Hellooooo! Is that bug biting your velvet worm?


----------



## KennyGee (Jul 7, 2006)

lol It looks like a little cricket.


----------



## bugmankeith (Jul 7, 2006)

Ok just checking to make sure your worm didnt get injured.


----------



## crashergs (Jul 7, 2006)

nah, the cricket is dead, it accidently fell on it when i moved the coconut half in which they were laying under 

its funny because ill put in about 10 pin head crickets, and next day i open it, bits and pieces of cricket all over the terrarium im like wow very clean eaters!


----------



## kliide (Aug 15, 2006)

*Life in the Undergrowth*

Just finished watching the first episode titled, "Invasion".  Totally amazed by the Peripatus hunting segment.  I can't imagine how powerful that glue must be.

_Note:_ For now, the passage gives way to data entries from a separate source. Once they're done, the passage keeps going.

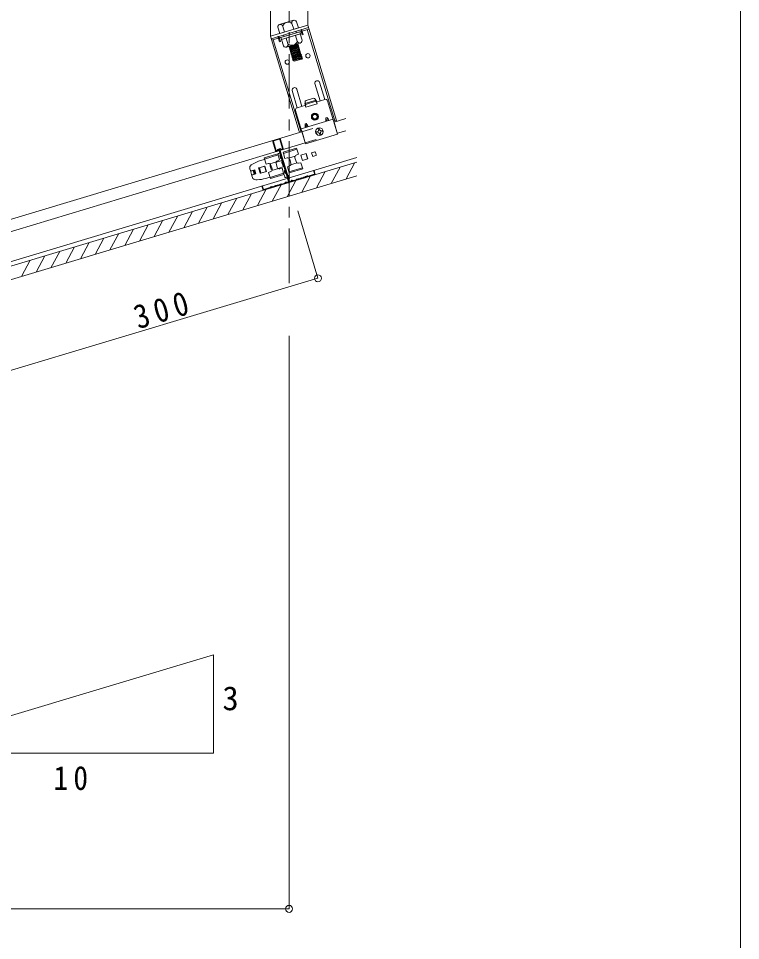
# Model space of a CAD drawing. Units: millimetres at full size, sheet at 1:10; details may follow other scales. Extents: x -2077 to 2023, y -1433 to 1417.
# Drawn here: x 1360 to 2023, y -131 to 715 of the extents above; entities that cross this region are included whole.
import ezdxf
from ezdxf.enums import TextEntityAlignment as Align

# ---------------------------------------------------------------- set-up
doc = ezdxf.new("R2010")
doc.units = ezdxf.units.MM
doc.header["$LTSCALE"] = 10
doc.linetypes.add('CHAIN1', pattern=[8, 5, -1, 1, -1])
for name, color, linetype, lineweight in [('1-0_断面', 7, 'Continuous', 9), ('1-1_寸法', 7, 'Continuous', 9), ('1-3_ＤＨクロス', 7, 'Continuous', 9), ('F-0_図枠', 7, 'Continuous', 9)]:
    doc.layers.add(name, color=color, linetype=linetype, lineweight=lineweight)
doc.styles.add('ＭＳ ゴシック', font='')
doc.styles.get('ＭＳ ゴシック').set_extended_font_data('MS Gothic')

msp = doc.modelspace()

# ---------------------------------------------------------------- linework, layer by layer
at = {"layer": '1-0_断面', "color": 4, "linetype": 'CHAIN1'}
msp.add_line((1608.1, 1402.09), (1608.1, 466.38), dxfattribs=at)
at = {"layer": '1-0_断面'}
for p, q in [((1591, 698.42), (1591, 742.52)), ((1625.2, 708.71), (1625.2, 742.52)), ((1599.39, 709.23), (1612.22, 713.09)), ((1614.93, 711.81), (1616.64, 706.14)), ((1591, 698.42), (1625.19, 708.71)), ((1591.66, 696.23), (1625.85, 706.53)), ((1592.11, 694.71), (1626.3, 705.01)), ((1597.84, 706.66), (1599.55, 700.99)), ((1599.55, 700.99), (1616.64, 706.14)), ((1600.47, 697.23), (1617.95, 702.49)), ((1602.25, 707.5), (1603.82, 702.28)), ((1610.79, 710.08), (1612.37, 704.85)), ((1614.45, 703.1), (1614.91, 701.58)), ((1618.52, 700.59), (1617.95, 702.49)), ((1619.58, 704.64), (1618.82, 704.41)), ((1618.82, 704.41), (1620.23, 699.71)), ((1620.99, 699.94), (1619.58, 704.64)), ((1624.78, 704.55), (1650.01, 620.78)), ((1625.19, 708.71), (1651.53, 621.24)), ((1591, 698.42), (1617.34, 610.94)), ((1593.63, 695.17), (1618.86, 611.4)), ((1597.92, 698.12), (1598.68, 698.35)), ((1599.34, 693.42), (1597.92, 698.12)), ((1598.68, 698.35), (1600.1, 693.65)), ((1600.1, 693.65), (1599.34, 693.42)), ((1601.04, 695.33), (1600.47, 697.23)), ((1601.04, 695.33), (1618.52, 700.59)), ((1601.23, 695.39), (1618.33, 700.54)), ((1602.94, 689.71), (1601.23, 695.39)), ((1603.05, 699.66), (1603.51, 698.14)), ((1607.08, 691.45), (1605.51, 696.67)), ((1615.63, 694.02), (1614.05, 699.25)), ((1620.04, 694.86), (1618.33, 700.54)), ((1620.23, 699.71), (1620.99, 699.94)), ((1605.66, 688.43), (1618.48, 692.29)), ((1607.95, 689.12), (1608.7, 688.83)), ((1608.09, 688.11), (1608.7, 688.83)), ((1608.42, 687.02), (1609.03, 687.73)), ((1608.74, 685.92), (1609.36, 686.64)), ((1609.07, 684.83), (1609.69, 685.55)), ((1616.8, 687.38), (1609.69, 685.55)), ((1617.13, 686.29), (1610.01, 684.46)), ((1617.46, 685.2), (1610.34, 683.37)), ((1616.41, 691.43), (1610.9, 690.01)), ((1616.74, 690.34), (1615.81, 690.66)), ((1616.41, 691.43), (1616.04, 691.56)), ((1617.07, 689.24), (1616.14, 689.57)), ((1617.4, 688.15), (1616.47, 688.47)), ((1617.4, 688.15), (1616.8, 687.38)), ((1617.73, 687.06), (1616.8, 687.38)), ((1617.73, 687.06), (1617.13, 686.29)), ((1618.05, 685.97), (1617.13, 686.29)), ((1618.05, 685.97), (1617.46, 685.2)), ((1618.38, 684.88), (1617.46, 685.2)), ((1609.4, 683.74), (1610.01, 684.46)), ((1609.73, 682.65), (1610.34, 683.37)), ((1610.06, 681.56), (1610.67, 682.27)), ((1610.39, 680.46), (1611, 681.18)), ((1617.79, 684.1), (1610.67, 682.27)), ((1610.72, 679.37), (1611.33, 680.09)), ((1618.12, 683.01), (1611, 681.18)), ((1611.05, 678.28), (1611.66, 679)), ((1618.44, 681.92), (1611.33, 680.09)), ((1611.38, 677.19), (1611.99, 677.9)), ((1618.77, 680.83), (1611.66, 679)), ((1611.7, 676.09), (1612.32, 676.81)), ((1619.1, 679.74), (1611.99, 677.9)), ((1619.43, 678.64), (1612.32, 676.81)), ((1619.76, 677.55), (1612.65, 675.72)), ((1618.38, 684.88), (1617.79, 684.1)), ((1618.71, 683.78), (1617.79, 684.1)), ((1618.71, 683.78), (1618.12, 683.01)), ((1619.04, 682.69), (1618.12, 683.01)), ((1619.04, 682.69), (1618.44, 681.92)), ((1619.37, 681.6), (1618.44, 681.92)), ((1619.37, 681.6), (1618.77, 680.83)), ((1619.7, 680.51), (1618.77, 680.83)), ((1619.7, 680.51), (1619.1, 679.74)), ((1620.03, 679.41), (1619.1, 679.74)), ((1620.03, 679.41), (1619.43, 678.64)), ((1620.36, 678.32), (1619.43, 678.64)), ((1620.36, 678.32), (1619.76, 677.55)), ((1631.78, 655.02), (1636.55, 639.17)), ((1636.05, 656.31), (1640.83, 640.46)), ((1610.88, 648.73), (1615.66, 632.88)), ((1615.16, 650.01), (1619.93, 634.16)), ((1615.42, 632.81), (1623.49, 635.24)), ((1632.97, 639.89), (1622.52, 636.74)), ((1622.52, 636.74), (1623.52, 633.42)), ((1622.74, 637.72), (1623.49, 635.24)), ((1623.29, 635.91), (1632.79, 638.77)), ((1623.52, 633.42), (1633.97, 636.57)), ((1623.74, 639.57), (1630.39, 641.57)), ((1632.24, 640.58), (1632.99, 638.1)), ((1633.97, 636.57), (1632.97, 639.89)), ((1641.06, 640.53), (1632.99, 638.1)), ((1643.53, 639.2), (1652.71, 608.75)), ((1614.09, 630.33), (1623.26, 599.88)), ((1619.17, 613.46), (1648.62, 622.33)), ((1622.99, 617.99), (1623.94, 618.28)), ((1623.92, 614.9), (1622.99, 617.99)), ((1624.87, 615.19), (1623.94, 618.28)), ((1642.93, 624), (1641.98, 623.71)), ((1642.91, 620.62), (1641.98, 623.71)), ((1643.86, 620.91), (1642.93, 624)), ((1649.16, 620.53), (1651.53, 621.24)), ((1649.16, 620.53), (1652.71, 608.75)), ((1660.19, 622.86), (1649.43, 619.63)), ((1629.98, 613.78), (823.92, 371.53)), ((1617.34, 610.94), (1619.72, 611.66)), ((1619.72, 611.66), (1623.26, 599.88)), ((1634.4, 611.03), (1633, 610.64)), ((1634.68, 610.07), (1633.27, 609.67)), ((1635.09, 612.27), (1634.69, 613.67)), ((1636.05, 612.54), (1635.66, 613.94)), ((1636.31, 607.98), (1635.91, 609.38)), ((1637.27, 608.25), (1636.87, 609.66)), ((1638.69, 612.25), (1637.29, 611.85)), ((1638.96, 611.29), (1637.56, 610.89)), ((1660.19, 611.79), (1652.49, 609.48)), ((1633.04, 603.63), (855.34, 369.9)), ((1623.26, 599.88), (1652.71, 608.75)), ((1623.26, 599.88), (1652.71, 608.75)), ((1602.55, 591.99), (1615, 595.73)), ((1602.85, 591), (1615.3, 594.75)), ((1631.69, 592.31), (1628.82, 591.45)), ((1670.19, 587.23), (862.94, 344.62)), ((1581.78, 584.36), (1585.7, 585.54)), ((1597.76, 590.55), (1585.31, 586.81)), ((1586.99, 581.23), (1585.31, 586.81)), ((1598.06, 589.57), (1585.61, 585.82)), ((1596.27, 582.97), (1601.64, 584.59)), ((1599.44, 584.97), (1597.41, 584.16)), ((1599.44, 584.97), (1597.76, 590.55)), ((1598.67, 591), (1599.63, 591.29)), ((1602.55, 591.99), (1604.23, 586.41)), ((1604.23, 586.41), (1606.37, 586.85)), ((1607.66, 586.68), (1613.66, 588.48)), ((1608.69, 585.47), (1609.73, 581.99)), ((1613.48, 586.91), (1614.52, 583.43)), ((1619.03, 589.29), (1623.91, 590.76)), ((1620.46, 584.5), (1619.03, 589.29)), ((1625.35, 585.97), (1620.46, 584.5)), ((1623.7, 590.69), (1625.14, 585.9)), ((1623.81, 590.73), (1625.25, 585.94)), ((1623.91, 590.76), (1625.35, 585.97)), ((1628.82, 591.45), (1629.83, 588.1)), ((1632.7, 588.96), (1629.83, 588.1)), ((1632.31, 591.98), (1633.03, 589.58)), ((746.27, 305.38), (1670.19, 583.05)), ((1572.09, 576.96), (1572.55, 575.42)), ((1573.27, 574.75), (1576.15, 575.62)), ((1573.38, 580.37), (1574.64, 581.15)), ((1573.55, 574.89), (1576.61, 575.81)), ((1575.19, 575.33), (1576.2, 571.98)), ((1575.67, 575.47), (1576.67, 572.12)), ((1576.15, 575.62), (1577.15, 572.27)), ((1576.61, 575.81), (1577.65, 572.36)), ((1580.13, 577.65), (1580.61, 577.79)), ((1581.6, 572.77), (1580.13, 577.65)), ((1585.88, 579.38), (1580.61, 577.79)), ((1580.61, 577.79), (1582.08, 572.91)), ((1585.51, 579.21), (1580.62, 577.75)), ((1580.62, 577.75), (1582.06, 572.96)), ((1580.83, 577.81), (1582.27, 573.02)), ((1586.95, 574.43), (1585.51, 579.21)), ((1587.34, 574.49), (1585.88, 579.38)), ((1586.99, 581.23), (1589.13, 581.67)), ((1596.42, 583.3), (1590.43, 581.5)), ((1590.73, 579.22), (1591.3, 577.3)), ((1591.45, 580.29), (1592.5, 576.81)), ((1598.31, 577.03), (1592.31, 575.23)), ((1596.24, 581.73), (1597.28, 578.25)), ((1597.99, 577.22), (1603.37, 578.84)), ((1601.74, 577.31), (1599.61, 576.86)), ((1601.74, 577.31), (1603.42, 571.72)), ((1606.53, 578.75), (1608.56, 579.55)), ((1606.53, 578.75), (1608.21, 573.16)), ((1607.91, 574.15), (1620.36, 577.89)), ((1608.21, 573.16), (1620.66, 576.9)), ((1609.55, 580.41), (1615.54, 582.21)), ((1646.84, 563.5), (1654.88, 578.45)), ((1660.38, 567.57), (1668.42, 582.52)), ((-273.06, -13.5), (1670.19, 570.52)), ((1572.94, 574.13), (1573.66, 571.74)), ((1574.51, 568.91), (1574.05, 570.44)), ((1574.28, 571.4), (1577.15, 572.27)), ((1574.58, 571.44), (1577.65, 572.36)), ((1577.47, 566.78), (1578.94, 566.82)), ((1582.08, 572.91), (1581.6, 572.77)), ((1582.06, 572.96), (1586.95, 574.43)), ((1582.08, 572.91), (1587.34, 574.49)), ((1586.67, 568.08), (1590.59, 569.26)), ((1589.29, 573.57), (1591.32, 574.37)), ((1589.29, 573.57), (1590.97, 567.98)), ((1603.12, 572.71), (1590.67, 568.97)), ((1603.42, 571.72), (1590.97, 567.98)), ((1603.04, 573), (1604.1, 569.45)), ((1605.35, 568.78), (1606.31, 569.07)), ((1605.99, 570.13), (1607.62, 570.61)), ((1619.75, 555.36), (1627.79, 570.31)), ((1633.29, 559.43), (1641.33, 574.38)), ((1592.66, 547.22), (1600.7, 562.17)), ((1606.21, 551.29), (1614.25, 566.24)), ((1552.03, 535.01), (1560.07, 549.96)), ((1565.58, 539.08), (1573.61, 554.03)), ((1579.12, 543.15), (1587.16, 558.1)), ((1524.94, 526.87), (1532.98, 541.82)), ((1538.49, 530.94), (1546.53, 545.89)), ((1497.86, 518.73), (1505.9, 533.67)), ((1511.4, 522.8), (1519.44, 537.74)), ((1470.77, 510.59), (1478.81, 525.53)), ((1484.31, 514.66), (1492.35, 529.6)), ((1443.68, 502.45), (1451.72, 517.39)), ((1457.23, 506.52), (1465.26, 521.46)), ((1416.6, 494.31), (1424.63, 509.25)), ((1430.14, 498.38), (1438.18, 513.32)), ((1389.51, 486.17), (1397.55, 501.11)), ((1403.05, 490.24), (1411.09, 505.18)), ((1362.42, 478.02), (1370.46, 492.97)), ((1375.96, 482.09), (1384, 497.04))]:
    msp.add_line(p, q, dxfattribs=at)
for points in [[(1616.74, 690.34), (1608.09, 688.11), (1609.03, 687.73)], [(1617.07, 689.24), (1608.42, 687.02), (1609.36, 686.64)], [(1616.41, 691.43), (1615.81, 690.66), (1608.7, 688.83)], [(1617.4, 688.15), (1608.74, 685.92), (1609.69, 685.55)], [(1616.74, 690.34), (1616.14, 689.57), (1609.03, 687.73)], [(1617.73, 687.06), (1609.07, 684.83), (1610.01, 684.46)], [(1617.07, 689.24), (1616.47, 688.47), (1609.36, 686.64)], [(1618.05, 685.97), (1609.4, 683.74), (1610.34, 683.37)], [(1618.38, 684.88), (1609.73, 682.65), (1610.67, 682.27)], [(1618.71, 683.78), (1610.06, 681.56), (1611, 681.18)], [(1619.04, 682.69), (1610.39, 680.46), (1611.33, 680.09)], [(1619.37, 681.6), (1610.72, 679.37), (1611.66, 679)], [(1619.7, 680.51), (1611.05, 678.28), (1611.99, 677.9)], [(1620.03, 679.41), (1611.38, 677.19), (1612.32, 676.81)], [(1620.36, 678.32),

For those of you who haven't watched the video, the peripatus captures a cricket that appears to be 1/4 its length with dual strands of glue.  It appears to wave the dual strands of glue in wavy spirals in order to cover a larger area of its prey.  The cricket, aside from a few twitches, appears instantly immobilized.  Given the size of the cricket, whose body girth was slightly larger than the peripatus, I'd have to say that glue is crazy strong...super, even .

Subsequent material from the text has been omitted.